$(\mathcal{T}1)$ Every measurable function is constant on atoms.
Proof:
consider atom $A$ and function $f$ that isn't constant on $A$.There is a value $r\in \mathbb{R}$, such that $\mu(f^{-1}((-\infty,r)))>0\land \mu(f^{-1}([r,+\infty)))>0$. Those two sets are division of an atom and both have positive measure - contradiction. QED.
Conclusion: define $X_f:=\{x\in X:f(x)\neq 0\}$. If $\int_{X_f}fd\mu=1$, then every atom $A\subset X_f$ has finite measure. From now on I will consider only those.
By definition $X_f$ is an atom iff for any $A\subset X_f$ $A\cong\emptyset\lor A\cong X_f$, but it is also equivalent to statement: $$(*)\forall A\subset X_f:\int_A|f|d\mu=\int_{\emptyset}|f|d\mu\lor \int_A|f|d\mu=\int_{X_f}|f|d\mu$$
As you have noticed, all extreme points (if any) should be located on sphere, and existence of division $A,B$ such that $\int_A |f|d\mu>0, \int_B |f|d\mu>0$ is sufficient for $f$ to not be an extreme point (take $g_1:=\frac{1}{\mu(A)}\chi_Af$ and $g_2:=\frac{1}{\mu(B)}\chi_Bf$ then $f=\mu(A)g_1+\mu(B)g_2$, and $g_1\in \mathbb{S}, g_2\in \mathbb{S}$). In the light of (*) it could be stated: if $X_f$ is not atomic then $f$ is not an extreme point.

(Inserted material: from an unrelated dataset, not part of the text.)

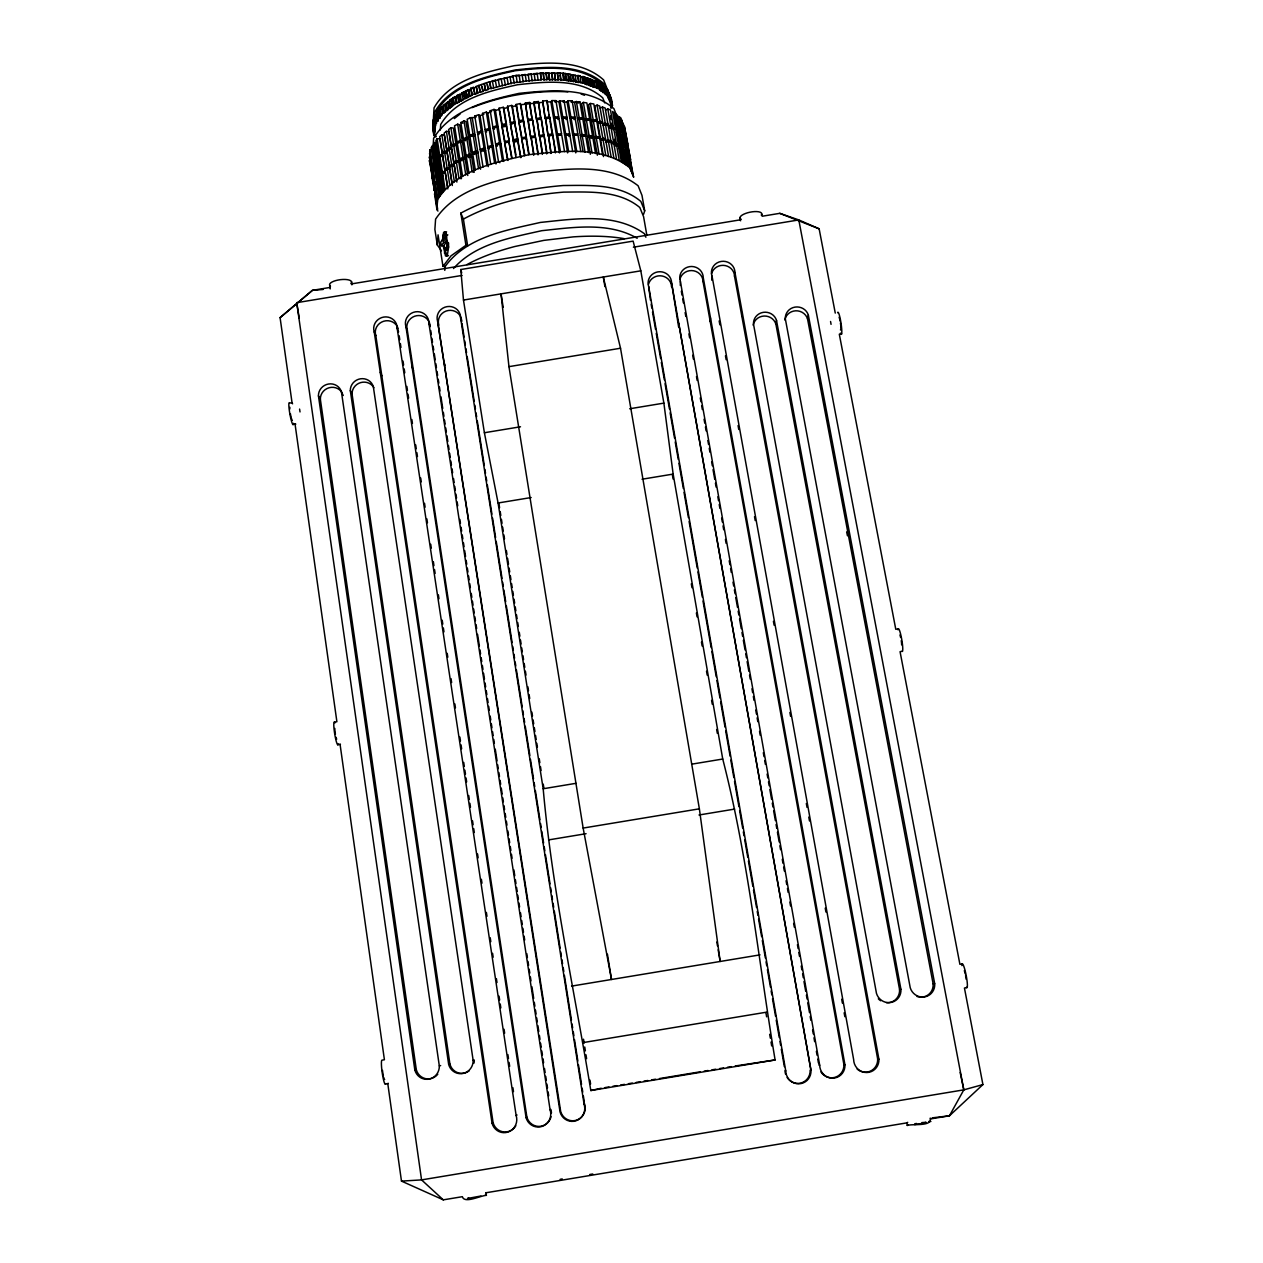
<?xml version="1.0" encoding="UTF-8"?>
<svg xmlns="http://www.w3.org/2000/svg" width="1263" height="1263" viewBox="0 0 1263 1263"><rect width="100%" height="100%" fill="white"/><g stroke="black" fill="none" stroke-linecap="round" stroke-linejoin="round"><path stroke-width="1.5" d="M447.086 241.17L446.376 249.742L445.002 250.058L443.692 245.701L447.086 241.17L443.613 242.638L441.292 245.748L443.692 245.701M785.602 1074.182A12.867 12.519 70 0 1 785.033 1070.519L785.744 1070.85A12.946 12.598 70 0 0 798.8 1083.812A12.946 12.598 70 0 0 810.988 1070.44L671.569 282.865A11.762 11.241 -2.9 0 0 657.865 271.877A11.762 11.241 -2.9 0 0 648.693 286.638L650.477 300.326M678.61 326.88L671.569 282.865M680.299 285.438L680.378 281.412A11.762 11.241 -1.2 0 1 689.519 266.651A11.762 11.241 -1.2 0 1 703.254 277.639L844.947 1064.804A12.946 12.583 67.2 0 1 832.791 1078.16A12.946 12.583 67.2 0 1 819.687 1065.214L818.787 1064.93M844.947 1064.804L843.889 1064.504L703.049 281.681L703.254 277.639M432.688 149.634L429.799 149.95L429.704 151.686L432.183 167.553M434.188 124.611L432.956 124.737L432.893 125.968L434.44 135.883L435.624 135.63L433.73 134.667L432.735 128.4L432.814 127.184L434.03 127.058M433.73 134.667L435.104 132.11L433.872 132.252L433.951 131.036L435.182 130.894L435.246 129.679L434.03 129.805L433.035 123.506L433.098 122.274L434.33 122.148M434.172 127.358L433.256 119.811L434.172 127.358L435.403 127.231L434.03 129.805M433.477 117.648L434.062 107.829C450.023 79.853 485.229 72.133 514.373 65.66C543.943 62.487 579.733 58.445 603.635 79.932L607.235 89.041M434.361 117.901L434.725 112.044C450.765 84.116 485.939 76.459 515.099 69.986C544.653 66.813 580.412 62.724 604.361 84.132L607.235 91.394M433.098 146.682L433.619 138.283C451.191 109.376 487.944 100.266 518.967 93.383C550.431 90.005 588.163 86.752 613.881 108.602L617.591 117.98M431.867 172.605L434.33 190.697L434.44 189.055M429.799 149.95L434.772 184.082L432.483 167.063L435.372 166.748M434.251 126.126L435.482 126L435.561 124.769L434.377 124.753L433.383 118.422L435.388 117.143M436.019 117.712L436.382 111.965C452.138 84.589 486.618 77.075 515.209 70.728C544.211 67.618 579.259 63.608 602.767 84.574L604.882 89.926M711.795 280.228L712.064 276.187A11.762 11.225 0.4 0 1 721.157 261.441A11.762 11.225 0.4 0 1 734.94 272.413L878.906 1059.168A12.962 12.567 64.7 0 1 866.781 1072.524A12.962 12.567 64.7 0 1 853.646 1059.578L712.064 276.187M710.248 321.67L710.485 317.834M434.63 190.271L437.014 207.763M437.977 183.309L435.072 183.624L434.961 185.298L437.472 201.275M440.313 130.01L440.692 124.484C456.259 98.056 489.728 90.92 517.53 84.732C545.727 81.716 579.701 77.675 602.719 97.819L604.788 102.935M437.945 211.079L436.887 209.516L437.598 199.475C457.143 169.337 496.501 162.043 529.165 154.639C562.335 151.228 601.914 145.434 629.874 167.805L633.647 177.12M441.466 250.832L437.298 244.99L438.056 234.839L442.981 266.382L445.113 266.54C466.6 236.718 506.81 230.119 540.406 222.43C574.554 218.988 614.702 212.231 644.398 233.702L645.898 237.239M444.781 270.377L445.113 266.54M878.906 1059.168L877.659 1058.899L734.561 276.486L734.94 272.413M741.87 316.46L742.297 312.593M470.104 96.335L469.062 89.878L466.015 90.731L467.057 97.204L470.104 96.335L472.315 95.183L470.689 88.299L473.341 87.368L474.967 94.251L477.619 93.32L475.993 86.437L478.645 85.489L480.287 92.388L482.955 91.457L481.314 84.558L483.982 83.611L485.608 90.51L488.292 89.578L486.65 82.663L516.172 75.385L519.156 75.07L520.167 82.142L526.245 80.927L525.155 74.422L522.077 75.322M489.318 81.732L490.96 88.631L513.962 82.6L520.167 82.142M526.245 80.927L541.117 79.885L540.438 72.812L543.264 72.844L543.943 79.916L547.195 79.38L546.105 72.891L548.916 72.922L549.594 79.979L552.831 79.443L551.742 72.97L554.552 73.001L555.231 80.058L558.467 79.506L557.378 73.033L560.188 73.08L560.851 80.122L566.834 79.995L565.729 73.538L563.282 73.143L540.027 73.396L516.078 75.954M528.06 74.675L531.139 73.791L532.149 80.848M529.813 105.571L532.244 120.111L529.718 102.477L525.392 102.95L527.918 120.585L532.654 120.096L538.022 154.844L538.243 153.628L535.496 137.146L531.155 137.635L533.696 155.333M529.513 103.755L529.718 102.477M534.044 74.028L537.122 73.143L538.133 80.201M527.918 120.585L525.392 102.95M886.421 1002.696A12.693 12.362 59.1 0 0 899.556 989.482L775.892 324.149L776.492 320.328A11.746 11.256 3.3 0 0 753.506 324.117L876.475 993.381A12.772 12.425 59 0 0 900.929 989.324L776.492 320.328M538.37 101.529L540.896 119.164L538.37 101.529L534.044 102.003L533.839 103.298L536.57 119.638L541.322 119.148L543.958 134.936L543.737 136.183L539.412 136.657L536.996 119.622L542.364 154.37M532.654 120.096L535.086 137.146L530.744 137.62L528.123 121.832L528.329 120.569L530.744 137.62M536.57 119.638L534.044 102.003M548.063 135.694L545.648 118.675L548.063 135.694L552.389 135.22L552.626 133.973L549.973 118.185L545.206 118.69L542.695 101.056L547.005 100.598L549.531 118.217M541.322 119.148L543.437 134.431M548.3 110.955L547.005 100.598M545.206 118.69L542.695 101.056M544.179 136.183L546.705 153.881L546.926 152.649L544.179 136.183L539.838 136.672L542.585 153.139M549.973 118.185L549.737 119.464L548.916 114.586M548.505 135.709L551.031 153.391L548.505 135.709L552.831 135.22L555.609 151.686M552.831 135.22L555.357 152.902M930.247 1118.087C932.52 1126.912 912.912 1123.549 907.26 1125.444L906.787 1122.886L907.718 1122.333M917.049 996.507A12.709 12.346 56.9 0 0 933.136 983.909L807.546 318.923L808.336 315.071A11.762 11.241 4.9 0 0 785.333 318.86L910.244 987.777A12.788 12.409 56.9 0 0 934.699 983.719L808.336 315.071M611.103 100.377L611.403 99.13L610.203 99.256M610.787 101.64L611.876 107.876L610.676 108.002L612.492 105.382L611.403 99.13M643.609 214.268L644.698 210.826L641.983 195.355L638.115 185.772C608.498 162.611 567.008 168.989 532.149 172.542C497.827 180.356 456.48 187.729 435.593 219.131L434.882 229.456L437.298 244.99M907.26 1125.444L908.192 1124.891M761.778 214.063L762.173 216.241L779.76 213.336L798.8 219.936L963.811 1089.858L949.444 1115.797L930.405 1118.955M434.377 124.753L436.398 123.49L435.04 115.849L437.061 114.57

Lets show that it is necessary too:
$(\mathcal{T}2)$ If $X_f$ is atomic, then $f$ is an extreme point.
Proof:
Suppose, that $f$ is not an extreme point: $$\exists{a\in (0,1)}\ \exists{g,h\in \mathbb{B}\setminus \{f\}}: f\cong ag+(1-a)h$$
It is clear, that $X_f\setminus (X_g \cup X_h)\cong \emptyset$ and in restriction to $X\setminus X_f$, $ag$ and $(1-a)h$ will cancel out:
$$ (ag+(1-a)h)\restriction_{X\setminus X_f}\cong 0=f\restriction_{X\setminus X_f}$$
but then
$$ (**)ag+(1-a)h\cong \chi_{X_f}(ag+(1-a)h)=a\chi_{X_f}g+(1-a)\chi_{X_f}h$$
Because of $(\mathcal{T}1)$ functions $f,g$, and $h$ have to be (a.e.) constant within $X_f$:
$$(***)
\left\{
\begin{array}{lr}
g\restriction_{X_f}\cong uf\restriction_{X_f} \\
h\restriction_{X_f}\cong vf\restriction_{X_f}
\end{array}
\right.
$$
for some $u,v\in [-1,1)$ ($u,v\neq 1$ because $g,h \neq f$). From $(**)$ and $(***)$:
$$ag+(1-a)h\cong a\chi_{X_f}uf+(1-a)\chi_{X_f}vf$$
$$ \chi_{X_f}f=f$$
$$ag+(1-a)h\cong auf+(1-a)vf\cong f$$
That boils down to one variable case: $1=au+(1-a)v$. There are no $u,v\in [-1,1)$ that satisfy this equation - contradiction.
Conclusion: $f$ is an extreme point. QED.
Notation:
$\chi_{\square}$ is characteristic function of the set $\square$
$\mathbb{B}=\{f:X\to \mathbb{R}| f-measurable \land \int_{X}|f|d\mu\le 1\}$ is closed unit ball centered in constant zero function.
$\mathbb{S}=\{f\in\mathbb{B}|\int_{X}|f|d\mu=1\}$ is unit sphere.
$A\cong B$, $f\cong g$ means that $\mu(A\setminus B)+\mu(B\setminus A)=0$ and $\mu(\{x:f(x)\neq g(x)\})=0$ respectively.